Associate Judge Rob Osborne today ordered a number of restrictions on Henderson's dealings in a 134-page judgment, which will release the developer from his second bankruptcy on January 27. Henderson was bankrupted in 2010 when his property empire failed in the collapse of the country's finance sector. While the amount owing was disputed, Judge Osborne estimated it fell between $100 million and $150 million.
The Official Assignee objected to Henderson's automatic discharge, which had been scheduled for 2014, seeking either that it be refused or that restrictions be placed on Henderson's business dealings. Henderson had previously been bankrupted in 1996 before being discharged in 1999.
Judge Osborne sided with the Official Assignee by "a fine margin", ruling that Henderson's dealings should be restricted for a specified period beyond bankruptcy, ordering that the 61-year-old not enter into any contract by providing a personal guarantee, banning him from acting as a director or manager of a company until December 9, 2022, and prohibiting him from being employed by a relative or entity controlled by his family.
The judge said Henderson's personal guarantees that were not backed by assets were the main and direct cause of his second bankruptcy. At the same time, Henderson rendered "himself insolvent through his tax arrangements and his inability to meet his resulting liabilities".
"What crystallised Mr Henderson's exposure to bankruptcy was the financial failure of entities associated with him and to a large extent controlled by him."
The most favourable view of those guarantees was that they were "grossly reckless", yet the judge said Henderson "had acquired no significant insight into the recklessness of his giving of personal guarantees and the extent to which he was thereby the cause of his own bankruptcy."
The judge credited Henderson's business acumen, but said that doesn't "mitigate the risks which arise from Mr Henderson's conduct of business." Similarly, there were strong arguments in favour of protecting the public from the irrecoverability of debts and drain on government and judicial resources, weighed up against Henderson's skill in contributing to the wider good as he did in the wake of the Canterbury earthquakes.

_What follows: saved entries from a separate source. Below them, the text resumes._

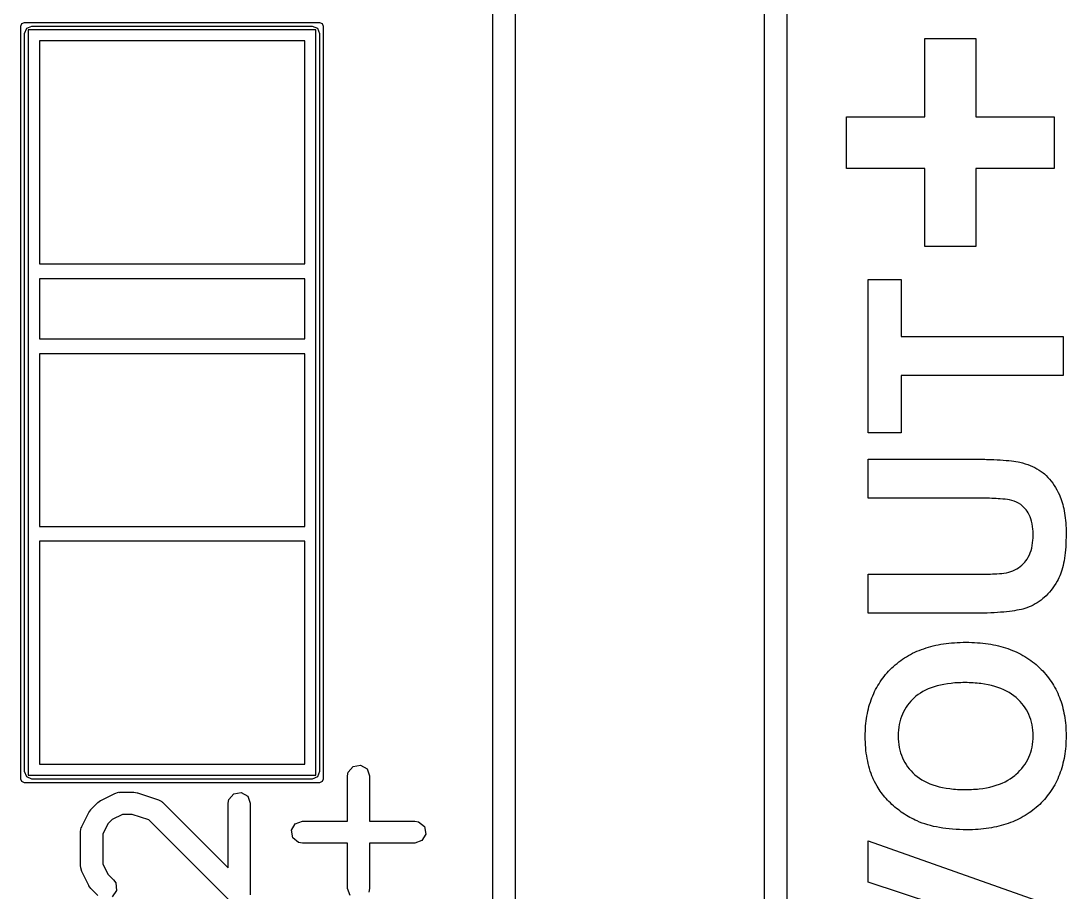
# Model space of a CAD drawing. Extents: x 107 to 207, y -142 to -86.
# Drawn here: x 190.75 to 197.83, y -131.92 to -126.01 of the extents above; entities that cross this region are included whole.
import ezdxf

# ---------------------------------------------------------------- set-up
doc = ezdxf.new("R2010")
doc.units = 0
doc.layers.add('BLACK', color=7, linetype='CONTINUOUS')

msp = doc.modelspace()

# ---------------------------------------------------------------- linework, layer by layer
at = {"layer": 'BLACK', "linetype": 'CONTINUOUS'}
for p, q in [((193.95, -134.679373), (193.95, -86.11)), ((194.1, -95.785), (194.1, -132.185)), ((195.7914, -132.989), (195.7914, -111.4426)), ((195.9414, -125.8432), (195.9414, -132.914)), ((190.75, -126.05), (190.757322, -126.032322)), ((190.757322, -126.032322), (190.775, -126.025)), ((190.775, -126.025), (192.775, -126.025)), ((192.775, -126.025), (192.792678, -126.032322)), ((192.792678, -126.032322), (192.8, -126.05)), ((190.75, -131.15), (190.75, -126.05)), ((190.775, -126.1), (190.789645, -126.064645)), ((190.775, -131.1), (190.775, -126.1)), ((190.789645, -126.064645), (190.825, -126.05)), ((190.8, -126.075), (190.8, -131.125)), ((192.75, -126.075), (190.8, -126.075)), ((190.825, -126.05), (192.725, -126.05)), ((192.725, -126.05), (192.760355, -126.064645)), ((192.75, -131.125), (192.75, -126.075)), ((192.760355, -126.064645), (192.775, -126.1)), ((192.775, -126.1), (192.775, -131.1)), ((192.8, -126.05), (192.8, -131.15)), ((190.875, -126.15), (190.875, -127.661)), ((192.675, -126.15), (190.875, -126.15)), ((192.675, -127.661), (192.675, -126.15)), ((196.878265, -126.663977), (196.878265, -126.134947)), ((196.878265, -126.134947), (197.222159, -126.134947)), ((197.222159, -126.134947), (197.222159, -126.663977)), ((196.346793, -127.015687), (196.346793, -126.663977)), ((196.346793, -126.663977), (196.878265, -126.663977)), ((197.222159, -126.663977), (197.753632, -126.663977)), ((197.753632, -126.663977), (197.753632, -127.015687)), ((196.878265, -127.015687), (196.346793, -127.015687)), ((196.878265, -127.543251), (196.878265, -127.015687)), ((197.753632, -127.015687), (197.222159, -127.015687)), ((197.222159, -127.015687), (197.222159, -127.543251)), ((197.222159, -127.543251), (196.878265, -127.543251)), ((190.875, -127.661), (192.675, -127.661)), ((190.875, -127.761), (190.875, -128.169)), ((192.675, -127.761), (190.875, -127.761)), ((192.675, -128.169), (192.675, -127.761)), ((196.493634, -128.805777), (196.493634, -127.765595)), ((196.493634, -127.765595), (196.717165, -127.765595)), ((196.717165, -127.765595), (196.717165, -128.152964)), ((196.717165, -128.152964), (197.8145, -128.152964)), ((197.8145, -128.152964), (197.8145, -128.417455)), ((190.875, -128.169), (192.675, -128.169)), ((190.875, -128.269), (190.875, -129.439)), ((192.675, -128.269), (190.875, -128.269)), ((192.675, -129.439), (192.675, -128.269)), ((197.8145, -128.417455), (196.717165, -128.417455)), ((196.717165, -128.417455), (196.717165, -128.805777)), ((196.717165, -128.805777), (196.493634, -128.805777)), ((196.493634, -129.247441), (196.493634, -128.983268)), ((196.493634, -128.983268), (197.186136, -128.983268)), ((197.186136, -128.983268), (197.200844, -128.983289)), ((197.200844, -128.983289), (197.215279, -128.983352)), ((197.215279, -128.983352), (197.229442, -128.983458)), ((197.229442, -128.983458), (197.243333, -128.983605)), ((197.243333, -128.983605), (197.256952, -128.983795)), ((197.256952, -128.983795), (197.270299, -128.984027)), ((197.270299, -128.984027), (197.283373, -128.984301)), ((197.283373, -128.984301), (197.296175, -128.984617)), ((197.296175, -128.984617), (197.320962, -128.985376)), ((197.320962, -128.985376), (197.344661, -128.986304)), ((197.344661, -128.986304), (197.36727, -128.987401)), ((197.36727, -128.987401), (197.38879, -128.988666)), ((197.38879, -128.988666), (197.409222, -128.990099)), ((197.409222, -128.990099), (197.428564, -128.991702)), ((197.428564, -128.991702), (197.446818, -128.993473)), ((197.446818, -128.993473), (197.463982, -128.995413)), ((197.463982, -128.995413), (197.480057, -128.997521)), ((197.480057, -128.997521), (197.495044, -128.999799)), ((197.495044, -128.999799), (197.508941, -129.002244)), ((197.508941, -129.002244), (197.52175, -129.004859)), ((197.52175, -129.004859), (197.539878, -129.009169)), ((197.539878, -129.009169), (197.557471, -129.01412)), ((197.557471, -129.01412), (197.574527, -129.019714)), ((197.574527, -129.019714), (197.591048, -129.025949)), ((197.591048, -129.025949), (197.607033, -129.032826)), ((197.607033, -129.032826), (197.622482, -129.040345)), ((197.622482, -129.040345), (197.637395, -129.048506)), ((197.637395, -129.048506), (197.651773, -129.057309)), ((197.651773, -129.057309), (197.665614, -129.066753)), ((197.665614, -129.066753), (197.67892, -129.07684)), ((197.67892, -129.07684), (197.687493, -129.08392)), ((197.687493, -129.08392), (197.699874, -129.095039)), ((197.699874, -129.095039), (197.711776, -129.106845)), ((197.711776, -129.106845), (197.723197, -129.119337)), ((197.723197, -129.119337), (197.734138, -129.132515)), ((197.734138, -129.132515), (197.7446, -129.14638)), ((197.7446, -129.14638), (197.754581, -129.160932)), ((197.754581, -129.160932), (197.764082, -129.17617)), ((197.764082, -129.17617), (197.773103, -129.192094)), ((197.773103, -129.192094), (197.781645, -129.208705)), ((197.781645, -129.208705), (197.789706, -129.226002)), ((197.789706, -129.226002), (197.794814, -129.237916)), ((197.225825, -129.247441), (196.493634, -129.247441)), ((197.245122, -129.247487), (197.225825, -129.247441)), ((197.263719, -129.247625), (197.245122, -129.247487)), ((197.281616, -129.247854), (197.263719, -129.247625)), ((197.298814, -129.248175), (197.281616, -129.247854)), ((197.315313, -129.248588), (197.298814, -129.248175)), ((197.331112, -129.249093), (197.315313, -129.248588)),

"The evidence establishes that, although Mr Henderson may express aspiration towards dealing with such shortcomings, he does not have the skills or discipline necessary to appropriately minimise the risk of personal insolvency and damage and loss to corporate or personal creditors (including the IRD)," the judge said. "The court (in a way which Mr Henderson himself will view as paternalistic) must consider business prohibition as appropriate in Mr Henderson's own interests (beyond the community's interest)."
Judge Osborne said he was not persuaded that Henderson would be able to initiate a liquidation or administration if "he perceived an opportunity, by way of reallocating resources and arranging debt payments, to trade his way out of insolvency" and "would back his judgement on the prospects of financial survival ahead of the judgement of others and against any urging to adopt a formal response to insolvency under either the Companies Act or the Insolvency Act."